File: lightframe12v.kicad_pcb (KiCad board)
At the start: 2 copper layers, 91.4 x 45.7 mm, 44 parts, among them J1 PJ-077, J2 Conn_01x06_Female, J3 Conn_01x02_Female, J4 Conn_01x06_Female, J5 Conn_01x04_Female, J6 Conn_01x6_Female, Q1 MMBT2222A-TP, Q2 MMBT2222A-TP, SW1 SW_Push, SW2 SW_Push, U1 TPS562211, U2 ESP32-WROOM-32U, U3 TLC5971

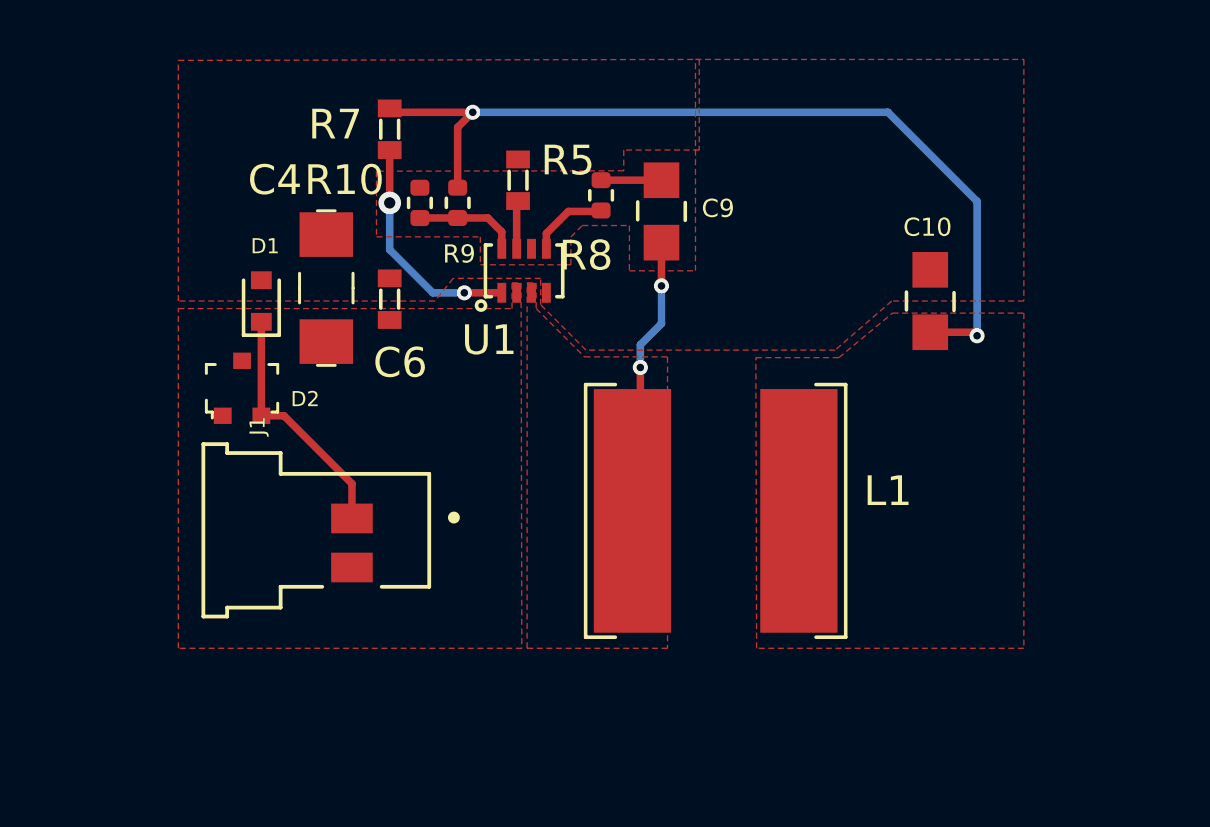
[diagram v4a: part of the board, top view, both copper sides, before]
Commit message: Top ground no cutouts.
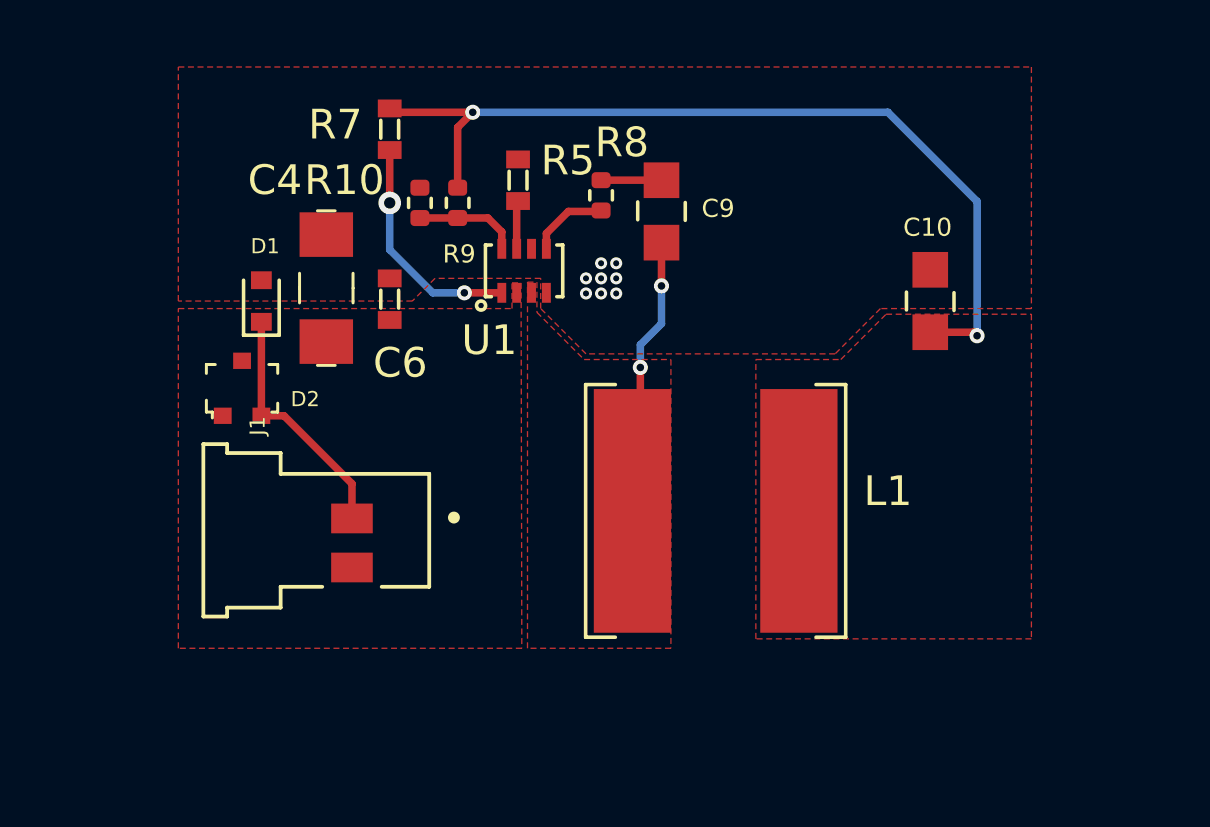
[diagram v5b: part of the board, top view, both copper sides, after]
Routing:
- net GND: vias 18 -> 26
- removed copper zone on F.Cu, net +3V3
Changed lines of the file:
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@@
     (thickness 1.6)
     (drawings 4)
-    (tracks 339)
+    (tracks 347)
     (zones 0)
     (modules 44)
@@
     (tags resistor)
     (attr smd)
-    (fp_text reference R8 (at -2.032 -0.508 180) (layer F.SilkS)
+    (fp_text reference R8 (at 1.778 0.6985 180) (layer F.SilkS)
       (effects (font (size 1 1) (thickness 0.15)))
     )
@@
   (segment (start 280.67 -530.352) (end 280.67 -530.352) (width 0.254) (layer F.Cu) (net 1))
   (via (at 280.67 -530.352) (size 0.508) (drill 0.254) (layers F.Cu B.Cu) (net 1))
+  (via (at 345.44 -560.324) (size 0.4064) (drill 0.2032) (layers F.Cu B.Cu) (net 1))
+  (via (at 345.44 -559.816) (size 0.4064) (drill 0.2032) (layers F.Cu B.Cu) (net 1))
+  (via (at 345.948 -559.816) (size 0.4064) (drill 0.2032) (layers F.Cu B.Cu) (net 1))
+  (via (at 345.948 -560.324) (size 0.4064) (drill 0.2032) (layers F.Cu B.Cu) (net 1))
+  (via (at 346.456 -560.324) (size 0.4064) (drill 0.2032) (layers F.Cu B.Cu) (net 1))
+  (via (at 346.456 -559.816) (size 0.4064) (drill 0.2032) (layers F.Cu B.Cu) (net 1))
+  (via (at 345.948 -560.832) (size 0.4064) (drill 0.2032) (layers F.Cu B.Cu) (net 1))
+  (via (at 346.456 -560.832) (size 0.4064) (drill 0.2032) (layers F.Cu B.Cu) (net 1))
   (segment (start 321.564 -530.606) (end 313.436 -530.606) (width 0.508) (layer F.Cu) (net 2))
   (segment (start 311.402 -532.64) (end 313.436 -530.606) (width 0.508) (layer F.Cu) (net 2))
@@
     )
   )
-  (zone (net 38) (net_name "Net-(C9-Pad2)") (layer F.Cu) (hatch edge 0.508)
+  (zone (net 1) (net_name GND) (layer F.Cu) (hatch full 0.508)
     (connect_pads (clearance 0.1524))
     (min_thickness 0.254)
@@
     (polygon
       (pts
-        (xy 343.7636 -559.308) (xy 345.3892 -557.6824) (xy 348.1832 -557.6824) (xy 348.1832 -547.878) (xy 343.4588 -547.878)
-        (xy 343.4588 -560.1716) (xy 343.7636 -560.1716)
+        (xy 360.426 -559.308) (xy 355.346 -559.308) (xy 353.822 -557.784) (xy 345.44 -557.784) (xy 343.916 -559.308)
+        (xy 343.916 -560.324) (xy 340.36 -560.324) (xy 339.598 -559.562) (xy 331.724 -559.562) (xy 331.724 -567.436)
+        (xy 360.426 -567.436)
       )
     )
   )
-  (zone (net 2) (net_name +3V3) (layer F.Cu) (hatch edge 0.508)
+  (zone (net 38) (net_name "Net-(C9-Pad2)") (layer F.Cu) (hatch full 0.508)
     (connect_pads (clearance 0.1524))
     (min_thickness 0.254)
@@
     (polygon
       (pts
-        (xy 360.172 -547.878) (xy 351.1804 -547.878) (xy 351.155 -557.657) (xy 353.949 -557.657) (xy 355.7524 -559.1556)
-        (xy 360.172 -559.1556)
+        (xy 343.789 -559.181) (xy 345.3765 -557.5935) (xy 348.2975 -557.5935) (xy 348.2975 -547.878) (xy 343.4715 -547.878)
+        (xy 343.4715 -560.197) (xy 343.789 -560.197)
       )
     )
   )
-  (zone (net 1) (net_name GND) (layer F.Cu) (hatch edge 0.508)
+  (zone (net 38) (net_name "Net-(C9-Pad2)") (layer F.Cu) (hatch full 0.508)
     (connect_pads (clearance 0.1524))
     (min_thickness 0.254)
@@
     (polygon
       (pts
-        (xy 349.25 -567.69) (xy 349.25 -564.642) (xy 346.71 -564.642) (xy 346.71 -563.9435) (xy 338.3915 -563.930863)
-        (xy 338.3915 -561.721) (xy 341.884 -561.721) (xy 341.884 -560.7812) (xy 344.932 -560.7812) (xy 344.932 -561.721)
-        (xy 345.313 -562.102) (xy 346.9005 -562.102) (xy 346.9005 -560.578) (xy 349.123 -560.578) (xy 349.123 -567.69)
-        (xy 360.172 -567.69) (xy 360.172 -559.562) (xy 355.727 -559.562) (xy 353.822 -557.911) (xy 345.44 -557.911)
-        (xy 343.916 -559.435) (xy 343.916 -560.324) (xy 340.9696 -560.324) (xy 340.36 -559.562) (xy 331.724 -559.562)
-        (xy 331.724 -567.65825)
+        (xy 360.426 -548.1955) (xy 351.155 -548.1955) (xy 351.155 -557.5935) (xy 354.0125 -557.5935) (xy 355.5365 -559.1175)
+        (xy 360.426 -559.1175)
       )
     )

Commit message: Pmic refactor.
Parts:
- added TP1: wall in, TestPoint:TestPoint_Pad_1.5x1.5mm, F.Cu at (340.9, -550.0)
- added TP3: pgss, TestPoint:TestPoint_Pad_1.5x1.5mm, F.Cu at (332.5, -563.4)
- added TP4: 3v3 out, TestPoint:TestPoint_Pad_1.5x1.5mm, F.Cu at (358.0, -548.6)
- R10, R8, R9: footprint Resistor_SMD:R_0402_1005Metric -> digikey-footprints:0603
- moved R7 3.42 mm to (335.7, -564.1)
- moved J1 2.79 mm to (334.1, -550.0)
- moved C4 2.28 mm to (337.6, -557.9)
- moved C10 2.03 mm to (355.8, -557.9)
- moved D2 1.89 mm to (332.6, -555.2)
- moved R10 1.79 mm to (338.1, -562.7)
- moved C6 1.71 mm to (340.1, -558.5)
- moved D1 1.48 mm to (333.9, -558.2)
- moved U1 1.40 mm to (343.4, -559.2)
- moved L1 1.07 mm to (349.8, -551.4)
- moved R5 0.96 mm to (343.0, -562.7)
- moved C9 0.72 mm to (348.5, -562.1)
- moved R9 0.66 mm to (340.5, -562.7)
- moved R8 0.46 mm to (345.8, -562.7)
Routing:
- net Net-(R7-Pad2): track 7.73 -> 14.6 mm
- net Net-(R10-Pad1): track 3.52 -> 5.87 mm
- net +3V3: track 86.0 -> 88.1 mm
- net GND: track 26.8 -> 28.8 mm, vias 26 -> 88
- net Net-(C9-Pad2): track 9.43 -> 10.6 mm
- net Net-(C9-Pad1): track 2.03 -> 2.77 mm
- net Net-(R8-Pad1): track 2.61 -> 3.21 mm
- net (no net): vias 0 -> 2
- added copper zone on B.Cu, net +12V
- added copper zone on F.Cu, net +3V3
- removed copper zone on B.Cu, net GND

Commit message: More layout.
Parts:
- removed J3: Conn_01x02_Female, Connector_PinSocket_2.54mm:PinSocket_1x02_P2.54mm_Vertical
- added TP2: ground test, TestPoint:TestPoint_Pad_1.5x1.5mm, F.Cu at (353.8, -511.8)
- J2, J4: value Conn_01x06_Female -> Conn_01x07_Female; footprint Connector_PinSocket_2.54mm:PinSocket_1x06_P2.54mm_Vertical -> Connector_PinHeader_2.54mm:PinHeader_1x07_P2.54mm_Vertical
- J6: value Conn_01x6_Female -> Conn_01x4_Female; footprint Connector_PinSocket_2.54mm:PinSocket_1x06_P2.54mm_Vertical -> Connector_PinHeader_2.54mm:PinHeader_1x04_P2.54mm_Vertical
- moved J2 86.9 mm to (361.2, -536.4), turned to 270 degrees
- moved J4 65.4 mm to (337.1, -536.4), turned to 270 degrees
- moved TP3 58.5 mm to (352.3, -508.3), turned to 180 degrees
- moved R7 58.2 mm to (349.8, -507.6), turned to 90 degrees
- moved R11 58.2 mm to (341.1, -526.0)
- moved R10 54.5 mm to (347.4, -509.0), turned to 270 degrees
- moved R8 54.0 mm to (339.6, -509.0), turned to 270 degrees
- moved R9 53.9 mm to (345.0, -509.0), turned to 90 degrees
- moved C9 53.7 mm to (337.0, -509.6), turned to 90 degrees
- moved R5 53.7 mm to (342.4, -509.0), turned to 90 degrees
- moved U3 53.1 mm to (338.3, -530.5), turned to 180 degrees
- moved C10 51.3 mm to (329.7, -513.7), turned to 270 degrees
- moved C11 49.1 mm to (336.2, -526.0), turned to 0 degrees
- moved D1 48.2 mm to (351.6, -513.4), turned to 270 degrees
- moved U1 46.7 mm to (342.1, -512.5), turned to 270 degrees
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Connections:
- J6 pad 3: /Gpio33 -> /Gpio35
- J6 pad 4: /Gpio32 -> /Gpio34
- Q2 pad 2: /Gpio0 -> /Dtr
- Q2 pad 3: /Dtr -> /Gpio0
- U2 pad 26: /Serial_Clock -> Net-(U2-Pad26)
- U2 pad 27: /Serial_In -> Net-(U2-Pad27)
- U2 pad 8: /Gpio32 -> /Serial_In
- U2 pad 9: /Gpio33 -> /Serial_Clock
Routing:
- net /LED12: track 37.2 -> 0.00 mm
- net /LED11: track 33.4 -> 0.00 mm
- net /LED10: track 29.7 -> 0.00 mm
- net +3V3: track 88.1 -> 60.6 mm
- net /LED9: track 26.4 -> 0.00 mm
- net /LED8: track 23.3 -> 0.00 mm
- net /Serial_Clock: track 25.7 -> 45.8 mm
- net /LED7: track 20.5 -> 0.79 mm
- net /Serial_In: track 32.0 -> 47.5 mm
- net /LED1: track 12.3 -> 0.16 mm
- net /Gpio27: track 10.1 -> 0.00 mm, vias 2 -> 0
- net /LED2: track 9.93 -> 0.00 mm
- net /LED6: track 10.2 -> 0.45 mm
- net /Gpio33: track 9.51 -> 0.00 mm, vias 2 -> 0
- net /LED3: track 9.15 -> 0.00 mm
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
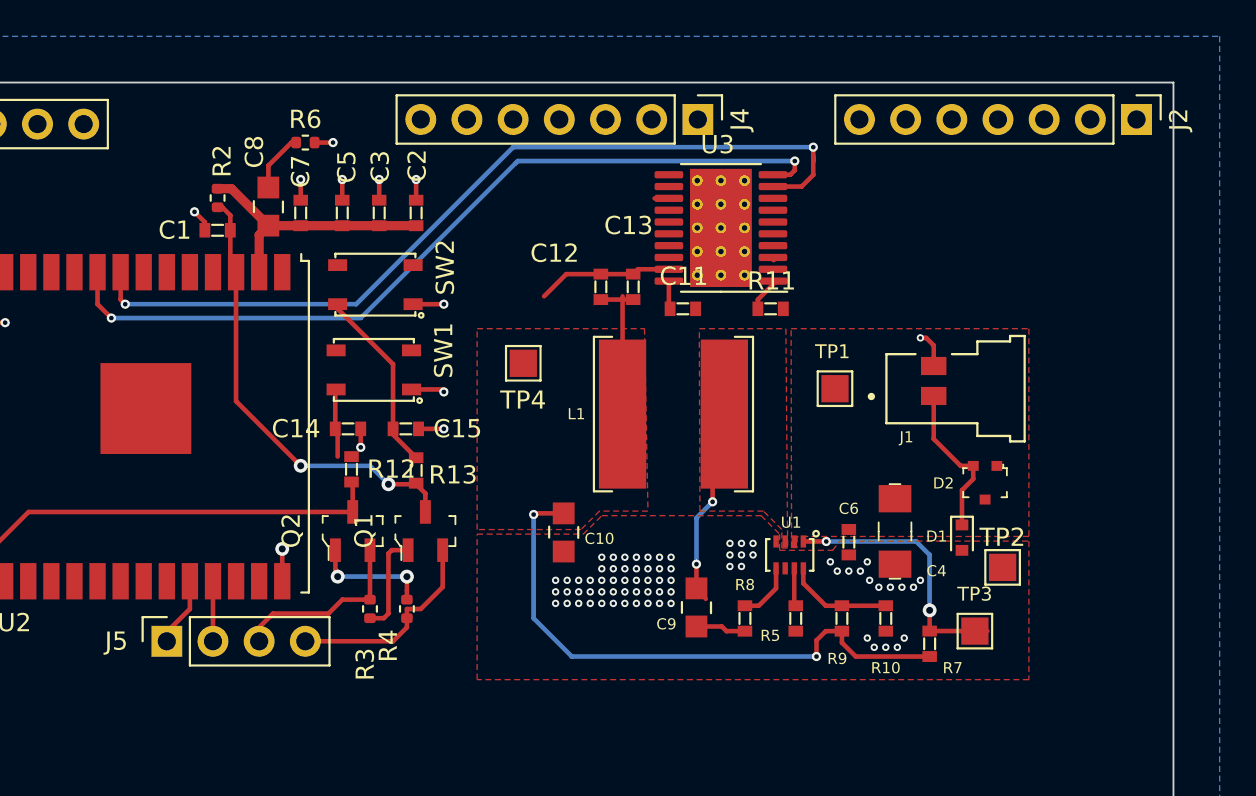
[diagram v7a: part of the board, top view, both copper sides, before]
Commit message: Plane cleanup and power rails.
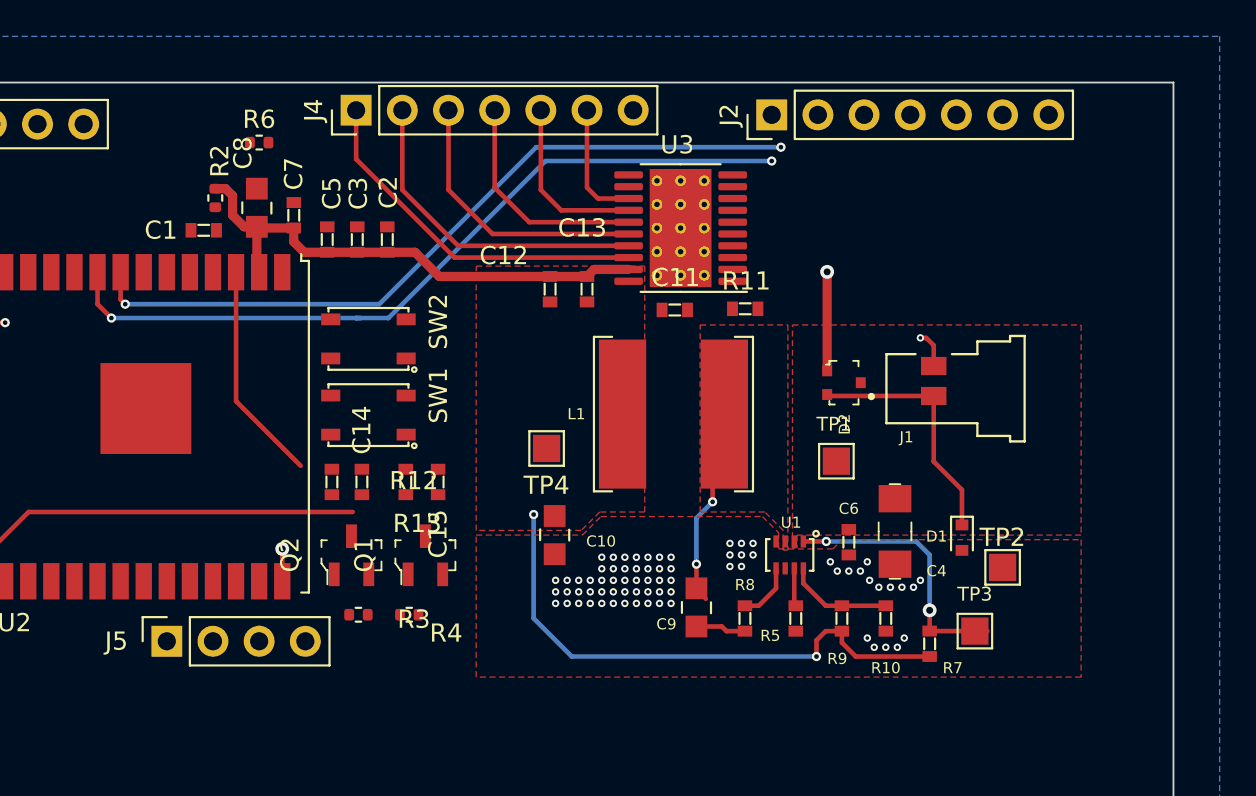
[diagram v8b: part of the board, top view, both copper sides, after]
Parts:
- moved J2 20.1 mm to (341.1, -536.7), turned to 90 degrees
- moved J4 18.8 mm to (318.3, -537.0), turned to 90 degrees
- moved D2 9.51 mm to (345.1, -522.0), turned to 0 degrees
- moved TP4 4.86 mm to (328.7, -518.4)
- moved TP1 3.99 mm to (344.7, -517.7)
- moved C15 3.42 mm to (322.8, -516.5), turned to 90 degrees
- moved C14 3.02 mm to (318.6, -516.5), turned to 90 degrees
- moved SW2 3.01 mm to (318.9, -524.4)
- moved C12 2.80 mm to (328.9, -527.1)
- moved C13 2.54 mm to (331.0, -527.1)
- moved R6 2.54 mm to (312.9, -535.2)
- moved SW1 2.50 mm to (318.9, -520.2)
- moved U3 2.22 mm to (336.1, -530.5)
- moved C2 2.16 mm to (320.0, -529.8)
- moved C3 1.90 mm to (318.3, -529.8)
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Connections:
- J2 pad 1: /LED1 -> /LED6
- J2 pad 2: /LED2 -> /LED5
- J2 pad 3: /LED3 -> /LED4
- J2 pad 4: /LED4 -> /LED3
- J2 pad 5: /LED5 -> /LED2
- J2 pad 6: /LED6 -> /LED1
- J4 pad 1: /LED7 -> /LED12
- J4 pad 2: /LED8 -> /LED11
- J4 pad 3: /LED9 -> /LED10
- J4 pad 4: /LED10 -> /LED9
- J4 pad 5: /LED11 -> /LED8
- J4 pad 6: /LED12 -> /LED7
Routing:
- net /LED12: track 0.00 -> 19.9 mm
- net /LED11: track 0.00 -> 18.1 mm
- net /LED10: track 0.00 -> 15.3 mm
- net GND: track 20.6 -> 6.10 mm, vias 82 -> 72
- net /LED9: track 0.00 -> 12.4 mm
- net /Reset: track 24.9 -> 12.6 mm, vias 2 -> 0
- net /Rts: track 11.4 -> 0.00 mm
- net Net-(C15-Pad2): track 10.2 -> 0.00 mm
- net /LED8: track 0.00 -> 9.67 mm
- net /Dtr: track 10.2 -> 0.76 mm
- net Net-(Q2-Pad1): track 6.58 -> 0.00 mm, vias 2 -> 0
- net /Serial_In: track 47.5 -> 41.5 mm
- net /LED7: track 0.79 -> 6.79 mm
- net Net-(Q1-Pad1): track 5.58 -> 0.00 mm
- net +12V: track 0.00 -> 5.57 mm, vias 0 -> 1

## ABOUT THIS TASK
Above are the records. Identify each line that contains the word "edge".

## TASK RESULT
-  (zone (net 38) (net_name "Net-(C9-Pad2)") (layer F.Cu) (hatch edge 0.508)
-  (zone (net 2) (net_name +3V3) (layer F.Cu) (hatch edge 0.508)
-  (zone (net 1) (net_name GND) (layer F.Cu) (hatch edge 0.508)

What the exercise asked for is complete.